You can easily install multiverb_iva_mt from PyPI:

```bash
pip install iva_mt
```

This command will download and install the latest version of multiverb_iva_mt along with its required dependencies.

## Usage
```python
from iva_mt.iva_mt import IVAMT

translator = IVAMT(src_lang="en", tgt_lang="pl")
#for single-best translation
translator.translate("set the temperature on <a>my<a> thermostat")
#for multi-variant translation
translator.generate_alternative_translations("set the temperature on <a>my<a> thermostat")
```
Available languages (en2xx): [pl](https://huggingface.co/cartesinus/iva_mt_wslot-m2m100_418M-en-pl), [es](https://huggingface.co/cartesinus/iva_mt_wslot-m2m100_418M-en-es), [de](https://huggingface.co/cartesinus/iva_mt_wslot-m2m100_418M-en-de), [fr](https://huggingface.co/cartesinus/iva_mt_wslot-m2m100_418M-en-fr), [pt](https://huggingface.co/cartesinus/iva_mt_wslot-m2m100_418M-en-pt), [sv](https://huggingface.co/cartesinus/iva_mt_wslot-m2m100_418M-en-sv), [zh](https://huggingface.co/cartesinus/iva_mt_wslot-m2m100_418M-en-zh), [ja](https://huggingface.co/cartesinus/iva_mt_wslot-m2m100_418M-en-ja), [tr](https://huggingface.co/cartesinus/iva_mt_wslot-m2m100_418M-en-tr), [hi](https://huggingface.co/cartesinus/iva_mt_wslot-m2m100_418M-en-hi)

To use GPU and batching, provide information about device:
```python
IVAMT(src_lang="en", tgt_lang="pl", device="cuda:0", batch_size=16)
```
On V100 this allows to translate ~100 sentences/minute.

To use baseline M2M100:
```python
IVAMT(src_lang="en", tgt_lang="pl", model_name="facebook/m2m100_418M")
```

To load a local model from an archive:
```python
# If the model archive is located at /path/to/your/model.tgz, it will be automatically extracted
# to the ~/.cache/huggingface/hub directory. Specify this path using the `model_name` parameter.
IVAMT(src_lang="en", tgt_lang="pl", model_name="/path/to/your/model.tgz")
```
Note: When loading a local model, the tokenizer used will still be `cartesinus/iva_mt_wslot-m2m100_418M-{src_lang}-{tgt_lang}` to ensure compatibility and optimal performance.

## Training M2M100 Model

In this repository, we provide a script `train.py` to facilitate the training of M2M100 models on your specified translation tasks. To run the training script, it is recommended to have a GPU for computational acceleration. When training on Google Colab, it's advisable to use an A100 GPU as V100 might not have sufficient memory.

### Prerequisites

- Ensure that you have installed the necessary libraries by running the following command:
```bash
pip install transformers datasets sacrebleu
```

### Usage

1. Customize your training configuration by creating a JSON file (e.g., `config/iva_mt_wslot-m2m100_418M-en-pl.json`). In this file, specify the source language, target language, learning rate, weight decay, number of training epochs, and other relevant parameters.

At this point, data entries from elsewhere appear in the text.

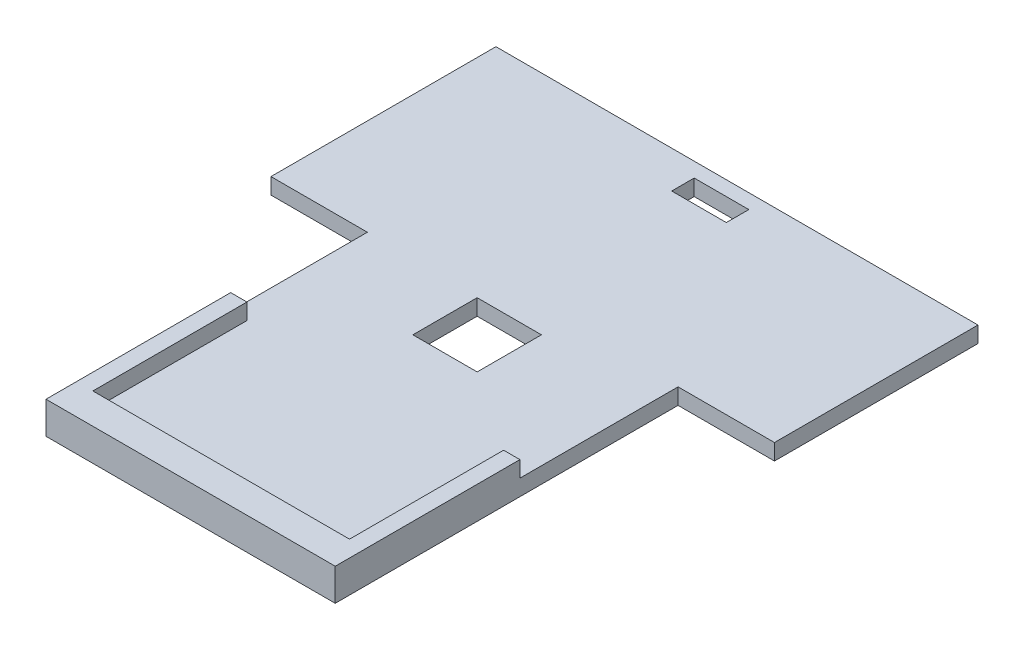
ISO-10303-21;
HEADER;
FILE_DESCRIPTION(('STEP AP214'),'2;1');
FILE_NAME('part.step','',(''),(''),'','','');
FILE_SCHEMA(('AUTOMOTIVE_DESIGN { 1 0 10303 214 1 1 1 1 }'));
ENDSEC;
DATA;
#1=APPLICATION_CONTEXT('core data for automotive mechanical design processes');
#2=APPLICATION_PROTOCOL_DEFINITION('international standard','automotive_design',2000,#1);
#3=PRODUCT_CONTEXT('',#1,'mechanical');
#4=PRODUCT('Part','Part','',(#3));
#5=PRODUCT_RELATED_PRODUCT_CATEGORY('part','',(#4));
#6=PRODUCT_DEFINITION_FORMATION('','',#4);
#7=PRODUCT_DEFINITION_CONTEXT('part definition',#1,'design');
#8=PRODUCT_DEFINITION('design','',#6,#7);
#9=PRODUCT_DEFINITION_SHAPE('','',#8);
#10=(LENGTH_UNIT() NAMED_UNIT(*) SI_UNIT(.MILLI.,.METRE.));
#11=(NAMED_UNIT(*) PLANE_ANGLE_UNIT() SI_UNIT($,.RADIAN.));
#12=(NAMED_UNIT(*) SI_UNIT($,.STERADIAN.) SOLID_ANGLE_UNIT());
#13=UNCERTAINTY_MEASURE_WITH_UNIT(LENGTH_MEASURE(1.E-05),#10,'distance_accuracy_value','');
#14=(GEOMETRIC_REPRESENTATION_CONTEXT(3) GLOBAL_UNCERTAINTY_ASSIGNED_CONTEXT((#13)) GLOBAL_UNIT_ASSIGNED_CONTEXT((#10,
#11,#12)) REPRESENTATION_CONTEXT('',''));
#15=CARTESIAN_POINT('',(0.,0.,0.));
#16=DIRECTION('',(0.,0.,1.));
#17=DIRECTION('',(1.,0.,0.));
#18=AXIS2_PLACEMENT_3D('',#15,#16,#17);
#19=CARTESIAN_POINT('',(0.,5.,0.));
#20=DIRECTION('',(0.,-1.,0.));
#21=DIRECTION('',(0.,0.,-1.));
#22=AXIS2_PLACEMENT_3D('',#19,#20,#21);
#23=PLANE('',#22);
#24=DIRECTION('',(0.,0.,-1.));
#25=VECTOR('',#24,1.);
#26=CARTESIAN_POINT('',(8.5210181174456,5.,-69.0142627843914));
#27=LINE('',#26,#25);
#28=CARTESIAN_POINT('',(8.5210181174456,5.,-69.0142627843914));
#29=VERTEX_POINT('',#28);
#30=CARTESIAN_POINT('',(8.5210181174456,5.,-76.0142627843914));
#31=VERTEX_POINT('',#30);
#32=EDGE_CURVE('E278',#29,#31,#27,.T.);
#33=ORIENTED_EDGE('',*,*,#32,.F.);
#34=DIRECTION('',(1.,0.,0.));
#35=VECTOR('',#34,1.);
#36=CARTESIAN_POINT('',(-8.4789818825544,5.,-69.0142627843914));
#37=LINE('',#36,#35);
#38=CARTESIAN_POINT('',(-8.4789818825544,5.,-69.0142627843914));
#39=VERTEX_POINT('',#38);
#40=EDGE_CURVE('E286',#39,#29,#37,.T.);
#41=ORIENTED_EDGE('',*,*,#40,.F.);
#42=DIRECTION('',(0.,0.,1.));
#43=VECTOR('',#42,1.);
#44=CARTESIAN_POINT('',(-8.4789818825544,5.,-69.0142627843914));
#45=LINE('',#44,#43);
#46=CARTESIAN_POINT('',(-8.4789818825544,5.,-76.0142627843914));
#47=VERTEX_POINT('',#46);
#48=EDGE_CURVE('E283',#47,#39,#45,.T.);
#49=ORIENTED_EDGE('',*,*,#48,.F.);
#50=DIRECTION('',(-1.,0.,0.));
#51=VECTOR('',#50,1.);
#52=CARTESIAN_POINT('',(-8.4789818825544,5.,-76.0142627843914));
#53=LINE('',#52,#51);
#54=EDGE_CURVE('E280',#31,#47,#53,.T.);
#55=ORIENTED_EDGE('',*,*,#54,.F.);
#56=EDGE_LOOP('',(#33,#41,#49,#55));
#57=FACE_BOUND('',#56,.T.);
#58=DIRECTION('',(-1.,0.,0.));
#59=VECTOR('',#58,1.);
#60=CARTESIAN_POINT('',(-10.,5.,-10.));
#61=LINE('',#60,#59);
#62=CARTESIAN_POINT('',(10.,5.,-10.));
#63=VERTEX_POINT('',#62);
#64=CARTESIAN_POINT('',(-10.,5.,-10.));
#65=VERTEX_POINT('',#64);
#66=EDGE_CURVE('E261',#63,#65,#61,.T.);
#67=ORIENTED_EDGE('',*,*,#66,.F.);
#68=DIRECTION('',(0.,0.,-1.));
#69=VECTOR('',#68,1.);
#70=CARTESIAN_POINT('',(10.,5.,10.));
#71=LINE('',#70,#69);
#72=CARTESIAN_POINT('',(10.,5.,10.));
#73=VERTEX_POINT('',#72);
#74=EDGE_CURVE('E205',#73,#63,#71,.T.);
#75=ORIENTED_EDGE('',*,*,#74,.F.);
#76=DIRECTION('',(1.,0.,0.));
#77=VECTOR('',#76,1.);
#78=CARTESIAN_POINT('',(-10.,5.,10.));
#79=LINE('',#78,#77);
#80=CARTESIAN_POINT('',(-10.,5.,10.));
#81=VERTEX_POINT('',#80);
#82=EDGE_CURVE('E250',#81,#73,#79,.T.);
#83=ORIENTED_EDGE('',*,*,#82,.F.);
#84=DIRECTION('',(0.,0.,1.));
#85=VECTOR('',#84,1.);
#86=CARTESIAN_POINT('',(-10.,5.,10.));
#87=LINE('',#86,#85);
#88=EDGE_CURVE('E264',#65,#81,#87,.T.);
#89=ORIENTED_EDGE('',*,*,#88,.F.);
#90=EDGE_LOOP('',(#67,#75,#83,#89));
#91=FACE_BOUND('',#90,.T.);
#92=DIRECTION('',(-1.,0.,0.));
#93=VECTOR('',#92,1.);
#94=CARTESIAN_POINT('',(-39.6505437221671,5.,31.9751991133616));
#95=LINE('',#94,#93);
#96=CARTESIAN_POINT('',(-39.6505437221671,5.,31.9751991133616));
#97=VERTEX_POINT('',#96);
#98=CARTESIAN_POINT('',(-44.7189818825544,5.,31.9751991133615));
#99=VERTEX_POINT('',#98);
#100=EDGE_CURVE('E53',#97,#99,#95,.T.);
#101=ORIENTED_EDGE('',*,*,#100,.F.);
#102=DIRECTION('',(0.,0.,-1.));
#103=VECTOR('',#102,1.);
#104=CARTESIAN_POINT('',(-39.6505437221671,5.,31.9751991133616));
#105=LINE('',#104,#103);
#106=CARTESIAN_POINT('',(-39.6505437221671,5.,79.9218394482392));
#107=VERTEX_POINT('',#106);
#108=EDGE_CURVE('E57',#107,#97,#105,.T.);
#109=ORIENTED_EDGE('',*,*,#108,.F.);
#110=DIRECTION('',(-1.,0.,0.));
#111=VECTOR('',#110,1.);
#112=CARTESIAN_POINT('',(-39.6505437221671,5.,79.9218394482392));
#113=LINE('',#112,#111);
#114=CARTESIAN_POINT('',(40.2125799570584,5.,79.9218394482392));
#115=VERTEX_POINT('',#114);
#116=EDGE_CURVE('E230',#115,#107,#113,.T.);
#117=ORIENTED_EDGE('',*,*,#116,.F.);
#118=DIRECTION('',(0.,0.,1.));
#119=VECTOR('',#118,1.);
#120=CARTESIAN_POINT('',(40.2125799570584,5.,31.9751991133616));
#121=LINE('',#120,#119);
#122=CARTESIAN_POINT('',(40.2125799570584,5.,31.9751991133616));
#123=VERTEX_POINT('',#122);
#124=EDGE_CURVE('E227',#123,#115,#121,.T.);
#125=ORIENTED_EDGE('',*,*,#124,.F.);
#126=DIRECTION('',(-1.,0.,0.));
#127=VECTOR('',#126,1.);
#128=CARTESIAN_POINT('',(40.2125799570584,5.,31.9751991133616));
#129=LINE('',#128,#127);
#130=CARTESIAN_POINT('',(45.2810181174456,5.,31.9751991133616));
#131=VERTEX_POINT('',#130);
#132=EDGE_CURVE('E225',#131,#123,#129,.T.);
#133=ORIENTED_EDGE('',*,*,#132,.F.);
#134=DIRECTION('',(0.,0.,-1.));
#135=VECTOR('',#134,1.);
#136=CARTESIAN_POINT('',(45.2810181174456,5.,-17.235484444561));
#137=LINE('',#136,#135);
#138=CARTESIAN_POINT('',(45.2810181174456,5.,-17.235484444561));
#139=VERTEX_POINT('',#138);
#140=EDGE_CURVE('E202',#131,#139,#137,.T.);
#141=ORIENTED_EDGE('',*,*,#140,.T.);
#142=DIRECTION('',(1.,0.,0.));
#143=VECTOR('',#142,1.);
#144=CARTESIAN_POINT('',(75.2810181174456,5.,-17.235484444561));
#145=LINE('',#144,#143);
#146=CARTESIAN_POINT('',(75.2810181174456,5.,-17.235484444561));
#147=VERTEX_POINT('',#146);
#148=EDGE_CURVE('E322',#139,#147,#145,.T.);
#149=ORIENTED_EDGE('',*,*,#148,.T.);
#150=DIRECTION('',(0.,0.,-1.));
#151=VECTOR('',#150,1.);
#152=CARTESIAN_POINT('',(75.2810181174456,5.,-17.235484444561));
#153=LINE('',#152,#151);
#154=CARTESIAN_POINT('',(75.2810181174456,5.,-80.5642627843914));
#155=VERTEX_POINT('',#154);
#156=EDGE_CURVE('E309',#147,#155,#153,.T.);
#157=ORIENTED_EDGE('',*,*,#156,.T.);
#158=DIRECTION('',(-1.,0.,0.));
#159=VECTOR('',#158,1.);
#160=CARTESIAN_POINT('',(-74.7189818825544,5.,-80.5642627843914));
#161=LINE('',#160,#159);
#162=CARTESIAN_POINT('',(-74.7189818825544,5.,-80.5642627843914));
#163=VERTEX_POINT('',#162);
#164=EDGE_CURVE('E312',#155,#163,#161,.T.);
#165=ORIENTED_EDGE('',*,*,#164,.T.);
#166=DIRECTION('',(0.,0.,1.));
#167=VECTOR('',#166,1.);
#168=CARTESIAN_POINT('',(-74.7189818825544,5.,-10.5642627843914));
#169=LINE('',#168,#167);
#170=CARTESIAN_POINT('',(-74.7189818825544,5.,-10.5642627843914));
#171=VERTEX_POINT('',#170);
#172=EDGE_CURVE('E315',#163,#171,#169,.T.);
#173=ORIENTED_EDGE('',*,*,#172,.T.);
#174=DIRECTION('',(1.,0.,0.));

2. Execute the training script by running the following command:
```bash
python train.py --config config/iva_mt_wslot-m2m100_418M-en-pl.json
```

### Configuration File

The configuration file should contain the following parameters:

- `src_lang`: Source language code (e.g., "en" for English).
- `tgt_lang`: Target language code (e.g., "pl" for Polish).
- `learning_rate`: Learning rate for the optimizer.
- `weight_decay`: Weight decay for the optimizer.
- `num_train_epochs`: Number of training epochs.
- `model_space`: The namespace for the model.
- `model_name`: The name of the model.
- `dataset`: The name of the dataset to be used for training.

Example Configuration:
```json
{
    "src_lang": "en",
    "tgt_lang": "pl",
    "learning_rate": 5e-5,
    "weight_decay": 0.01,
    "num_train_epochs": 3,
    "model_space": "facebook",
    "model_name": "m2m100_418M",
    "dataset": "wmt16"
}
```

### Running on Google Colab

If you are running the script on Google Colab, ensure to switch to a runtime with a GPU for better performance. It is recommended to use an A100 GPU as V100 might have memory limitations depending on the size of the model and the dataset.